很柔软的一只手。是女人的手,她的身体也同样柔软地伏在司马昭的身前,手则抚到他的胸脯上,像是能透过皮肉摸到里面的脏腑。这让他感到一种莫名的不快,促使司马昭伸手去捉住女人细而白的腕,他抬头与这美姬双眼对视时展现出一种难得的缱绻温柔的神情。司马昭长着线条柔和而温顺的脸,与多年在行伍的气质并不相当。那女人被司马昭看得脸颊滚烫,娇怯低下头。却听得新城乡侯一声冷笑:手,拿开,别让我将它斩下来。

她瑟瑟地抽手从他身旁滑开,施施然退到一旁。贵人多喝了两盏酒,露出一丁点脾性里的反复无常。这让姬妾觉得惶然而恐惧,泪轻易从脸颊滑落,双肩颤抖着伏在一旁。

哭什么?哭得我头都疼了,赶紧滚。司马昭到底不是真的无道,也不是真的要斩这一只手,毕竟这好手像玉雕一样,还能演奏琴曲,折下来是很可惜的。女人嘤嘤应了一声是,离开时走路竟然没有一点声。寂静重新包拢整间屋子,他意识到打发走这个被他忘记了名字的姬妾后,他要独自度过一个秋季略有些发冷的夜。这就显得有些寂寞,司马昭独自斟饮一杯,早先温的酒已经凉了,好在这酒甜润,从舌苔滑倒胃里都不曾感觉一点辛辣。借着酒气和安神的熏香,睡意将他环抱,司马昭进入了一段浅浅的睡眠中。

浅眠中的梦往往混乱而琐碎,毫无一点根据也天马行空,醒来时大约不会有多深刻的记忆,只会残留剩余的情绪和无可言说的不安。司马昭再睁开眼睛时案上的灯已经将要燃尽,肩上搭着一件不是自己的外袍,隔着一豆颤抖着的微弱的火,他坐起来隐约能看到司马师。这让他的情绪陷入更加微妙的状况中——司马昭总觉得自己在司马师面前没什么秘密可言,这令他有些恐惧。更何况是在一种心中隐约觉得无名不安的境地里,如果说让他此刻列出最不想看到的人,头号就是司马师。他的哥哥不是一个好相与的人,从小到大……说实话,司马昭认为自己可能有点怕他。

司马师尽量表现得和颜悦色:“我本来要跟你说点事,来到事看你睡在这里……喝多了?秋天有点凉。”

他的神智尚不完全清醒,答非所问:“是,睡了一会,你身上是什么味道?”

司马师拿走了自己的外袍。这让司马昭打了个冷战,眼前终于清楚。司马师正在用一种似笑非笑的表情打量他,这个表情太熟悉,表达着对方戏谑的心态,好像在看什么笑话一样。司马师经常会以这种表情打量他,哪怕他其实并没有在看笑话,这让司马昭觉得烦躁。

“你不要——也不能、这样看着我——”他将脸凑得很近,几乎和司马师额头相抵,前半句还气势十足,后半段声音却像低低的恳求。“不要这样看我,大哥。”

司马师从他的话中读出来一点恐惧,这让他觉得司马昭有一些可怜,他将额头靠在弟弟的额上。当真垂下眼睑收敛了些许显得过分刻薄的目光。“你是做了一个很坏的梦吗?如果你想告诉我。”

他看着司马师的眼睛像是很努力地想了片刻,终于泄气。不记得了,我想不起来。这让司马师真心实意地发笑,伸手将弟弟后发捋顺。

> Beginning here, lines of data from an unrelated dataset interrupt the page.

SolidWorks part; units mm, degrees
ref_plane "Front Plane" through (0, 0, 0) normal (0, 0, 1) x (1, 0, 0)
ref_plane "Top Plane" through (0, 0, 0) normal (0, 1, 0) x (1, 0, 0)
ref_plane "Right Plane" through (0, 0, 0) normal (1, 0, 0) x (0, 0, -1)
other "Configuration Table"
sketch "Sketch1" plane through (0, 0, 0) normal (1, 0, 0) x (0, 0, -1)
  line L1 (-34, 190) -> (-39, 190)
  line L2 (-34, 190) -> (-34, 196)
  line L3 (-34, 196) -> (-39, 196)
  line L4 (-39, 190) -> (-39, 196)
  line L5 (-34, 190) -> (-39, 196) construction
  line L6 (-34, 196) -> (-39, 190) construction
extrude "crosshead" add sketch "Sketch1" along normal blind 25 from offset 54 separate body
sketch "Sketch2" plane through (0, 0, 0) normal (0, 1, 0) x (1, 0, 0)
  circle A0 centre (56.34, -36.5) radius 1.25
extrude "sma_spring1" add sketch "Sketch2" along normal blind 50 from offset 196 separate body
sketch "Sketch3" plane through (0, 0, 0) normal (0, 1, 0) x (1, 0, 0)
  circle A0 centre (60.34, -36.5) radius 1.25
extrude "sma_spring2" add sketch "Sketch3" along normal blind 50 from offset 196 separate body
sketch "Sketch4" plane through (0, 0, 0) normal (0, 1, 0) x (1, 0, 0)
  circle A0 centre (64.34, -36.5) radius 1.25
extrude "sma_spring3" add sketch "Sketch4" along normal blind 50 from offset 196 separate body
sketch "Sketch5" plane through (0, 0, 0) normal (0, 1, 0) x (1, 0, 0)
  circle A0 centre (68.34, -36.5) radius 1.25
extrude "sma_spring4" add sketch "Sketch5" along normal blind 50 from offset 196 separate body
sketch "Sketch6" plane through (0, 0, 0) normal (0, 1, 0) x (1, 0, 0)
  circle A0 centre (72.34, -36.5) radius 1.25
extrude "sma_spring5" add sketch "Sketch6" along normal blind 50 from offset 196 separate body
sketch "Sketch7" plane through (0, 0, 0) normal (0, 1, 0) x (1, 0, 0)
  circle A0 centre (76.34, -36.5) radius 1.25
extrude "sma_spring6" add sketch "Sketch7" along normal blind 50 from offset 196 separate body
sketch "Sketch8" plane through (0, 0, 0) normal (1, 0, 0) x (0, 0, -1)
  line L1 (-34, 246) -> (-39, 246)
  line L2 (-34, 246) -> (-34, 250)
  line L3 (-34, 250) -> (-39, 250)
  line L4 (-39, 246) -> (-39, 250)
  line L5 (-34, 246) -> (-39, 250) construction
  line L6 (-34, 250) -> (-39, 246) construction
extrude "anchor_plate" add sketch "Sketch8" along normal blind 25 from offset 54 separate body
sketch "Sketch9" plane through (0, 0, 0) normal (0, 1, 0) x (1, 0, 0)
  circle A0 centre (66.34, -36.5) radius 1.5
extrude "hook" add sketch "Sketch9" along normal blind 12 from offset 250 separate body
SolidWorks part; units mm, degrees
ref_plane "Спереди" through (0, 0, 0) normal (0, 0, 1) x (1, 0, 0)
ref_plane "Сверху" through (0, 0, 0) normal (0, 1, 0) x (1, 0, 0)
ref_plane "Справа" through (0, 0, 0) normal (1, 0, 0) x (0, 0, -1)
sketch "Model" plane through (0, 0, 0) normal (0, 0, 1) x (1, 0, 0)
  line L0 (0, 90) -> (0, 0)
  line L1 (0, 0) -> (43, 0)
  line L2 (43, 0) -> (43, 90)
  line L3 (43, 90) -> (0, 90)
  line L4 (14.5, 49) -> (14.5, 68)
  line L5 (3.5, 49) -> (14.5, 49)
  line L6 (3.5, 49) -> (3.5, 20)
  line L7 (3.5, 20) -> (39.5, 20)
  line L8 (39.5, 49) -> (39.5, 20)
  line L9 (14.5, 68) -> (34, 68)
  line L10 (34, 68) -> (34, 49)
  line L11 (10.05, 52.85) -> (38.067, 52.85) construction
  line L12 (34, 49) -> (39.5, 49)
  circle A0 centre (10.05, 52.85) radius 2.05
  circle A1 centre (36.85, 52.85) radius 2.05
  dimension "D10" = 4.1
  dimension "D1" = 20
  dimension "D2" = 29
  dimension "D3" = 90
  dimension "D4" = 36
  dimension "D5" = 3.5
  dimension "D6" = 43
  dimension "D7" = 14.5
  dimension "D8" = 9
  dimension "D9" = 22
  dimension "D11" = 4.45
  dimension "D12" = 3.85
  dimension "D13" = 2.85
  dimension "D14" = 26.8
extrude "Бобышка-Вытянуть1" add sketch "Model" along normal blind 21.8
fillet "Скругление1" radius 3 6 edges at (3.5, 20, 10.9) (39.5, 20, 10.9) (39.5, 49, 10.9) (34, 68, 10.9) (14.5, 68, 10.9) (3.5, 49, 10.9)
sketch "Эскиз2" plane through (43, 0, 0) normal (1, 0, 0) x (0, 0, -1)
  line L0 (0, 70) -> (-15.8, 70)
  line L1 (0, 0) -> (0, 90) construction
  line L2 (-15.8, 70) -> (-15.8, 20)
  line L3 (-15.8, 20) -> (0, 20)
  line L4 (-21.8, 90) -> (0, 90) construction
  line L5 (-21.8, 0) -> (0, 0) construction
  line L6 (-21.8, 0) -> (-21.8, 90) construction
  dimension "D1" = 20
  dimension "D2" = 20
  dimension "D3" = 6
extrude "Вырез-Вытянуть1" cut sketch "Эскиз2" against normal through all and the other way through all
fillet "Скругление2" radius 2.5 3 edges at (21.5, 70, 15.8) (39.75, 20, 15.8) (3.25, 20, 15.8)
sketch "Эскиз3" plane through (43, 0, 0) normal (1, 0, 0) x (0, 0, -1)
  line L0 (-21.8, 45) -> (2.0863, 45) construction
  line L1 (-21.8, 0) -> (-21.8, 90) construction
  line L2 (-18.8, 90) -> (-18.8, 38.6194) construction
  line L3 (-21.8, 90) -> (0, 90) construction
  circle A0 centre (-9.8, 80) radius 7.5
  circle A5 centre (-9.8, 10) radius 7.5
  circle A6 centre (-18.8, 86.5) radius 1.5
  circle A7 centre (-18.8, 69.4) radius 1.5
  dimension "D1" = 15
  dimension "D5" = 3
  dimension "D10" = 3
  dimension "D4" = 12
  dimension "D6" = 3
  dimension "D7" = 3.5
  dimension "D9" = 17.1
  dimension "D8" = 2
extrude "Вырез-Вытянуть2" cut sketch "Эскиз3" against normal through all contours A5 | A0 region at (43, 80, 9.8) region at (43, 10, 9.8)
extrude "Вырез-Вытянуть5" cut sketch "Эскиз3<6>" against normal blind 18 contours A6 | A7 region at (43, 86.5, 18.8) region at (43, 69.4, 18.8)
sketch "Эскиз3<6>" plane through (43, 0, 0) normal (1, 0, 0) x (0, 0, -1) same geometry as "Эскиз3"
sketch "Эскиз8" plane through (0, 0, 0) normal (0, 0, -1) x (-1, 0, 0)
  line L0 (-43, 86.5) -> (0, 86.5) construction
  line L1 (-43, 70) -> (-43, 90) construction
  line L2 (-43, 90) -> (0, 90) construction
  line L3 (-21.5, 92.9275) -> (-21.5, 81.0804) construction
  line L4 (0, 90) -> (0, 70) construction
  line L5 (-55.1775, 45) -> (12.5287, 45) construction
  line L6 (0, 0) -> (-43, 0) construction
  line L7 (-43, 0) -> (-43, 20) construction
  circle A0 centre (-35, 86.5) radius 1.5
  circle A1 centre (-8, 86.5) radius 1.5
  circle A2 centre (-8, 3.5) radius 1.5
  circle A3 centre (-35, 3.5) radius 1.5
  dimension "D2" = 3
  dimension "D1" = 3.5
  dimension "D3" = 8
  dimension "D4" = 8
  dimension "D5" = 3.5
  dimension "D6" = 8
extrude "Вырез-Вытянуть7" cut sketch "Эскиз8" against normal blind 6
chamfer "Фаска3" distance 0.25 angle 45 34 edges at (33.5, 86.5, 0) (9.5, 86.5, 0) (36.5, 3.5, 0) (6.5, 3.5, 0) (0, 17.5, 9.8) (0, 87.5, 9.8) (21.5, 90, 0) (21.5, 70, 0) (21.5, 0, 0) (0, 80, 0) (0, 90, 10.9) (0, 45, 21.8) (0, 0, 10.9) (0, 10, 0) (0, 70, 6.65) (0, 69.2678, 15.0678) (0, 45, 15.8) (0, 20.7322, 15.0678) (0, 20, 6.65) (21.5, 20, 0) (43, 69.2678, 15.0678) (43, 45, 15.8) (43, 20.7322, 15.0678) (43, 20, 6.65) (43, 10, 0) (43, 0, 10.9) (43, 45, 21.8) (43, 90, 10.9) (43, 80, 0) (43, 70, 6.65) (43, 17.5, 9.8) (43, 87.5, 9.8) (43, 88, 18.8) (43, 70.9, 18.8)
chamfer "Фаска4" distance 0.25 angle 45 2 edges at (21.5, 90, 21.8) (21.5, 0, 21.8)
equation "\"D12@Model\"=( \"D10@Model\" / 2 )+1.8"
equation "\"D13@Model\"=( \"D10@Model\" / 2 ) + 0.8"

一笑反而笑得司马昭面上赧然,“大哥本来有什么话要跟我说,直说就好。”

……来看看你。此话司马师说不出口,他向后挪开,似松了一口气。“不是要紧事,等你明天完全醒来再说也不迟。”

噢。司马昭迟钝地应了一声。所以到底是什么味道?真的很香。司马师今天早些洗过发,发间清洁的味道和衣香以及室内的熏香混合成一种奇妙的香味。他像放弃了一样把脸靠在司马师的肩膀上,有些懊恼,在司马师这他好像永远摆脱不了跟在兄长后面的少年的影子,哪怕他早就是个中年人。以前共乘一骑,司马师的马跑得又轻又快,那时候他觉得害怕,要去搂住司马师的腰,现在他也要搂住司马师的腰,如同那种无端的不安就能因此烟消云散,“兄弟”是微妙的桥梁,他对司马师感到一种由衷的敬畏以及依赖,这像是与生俱来。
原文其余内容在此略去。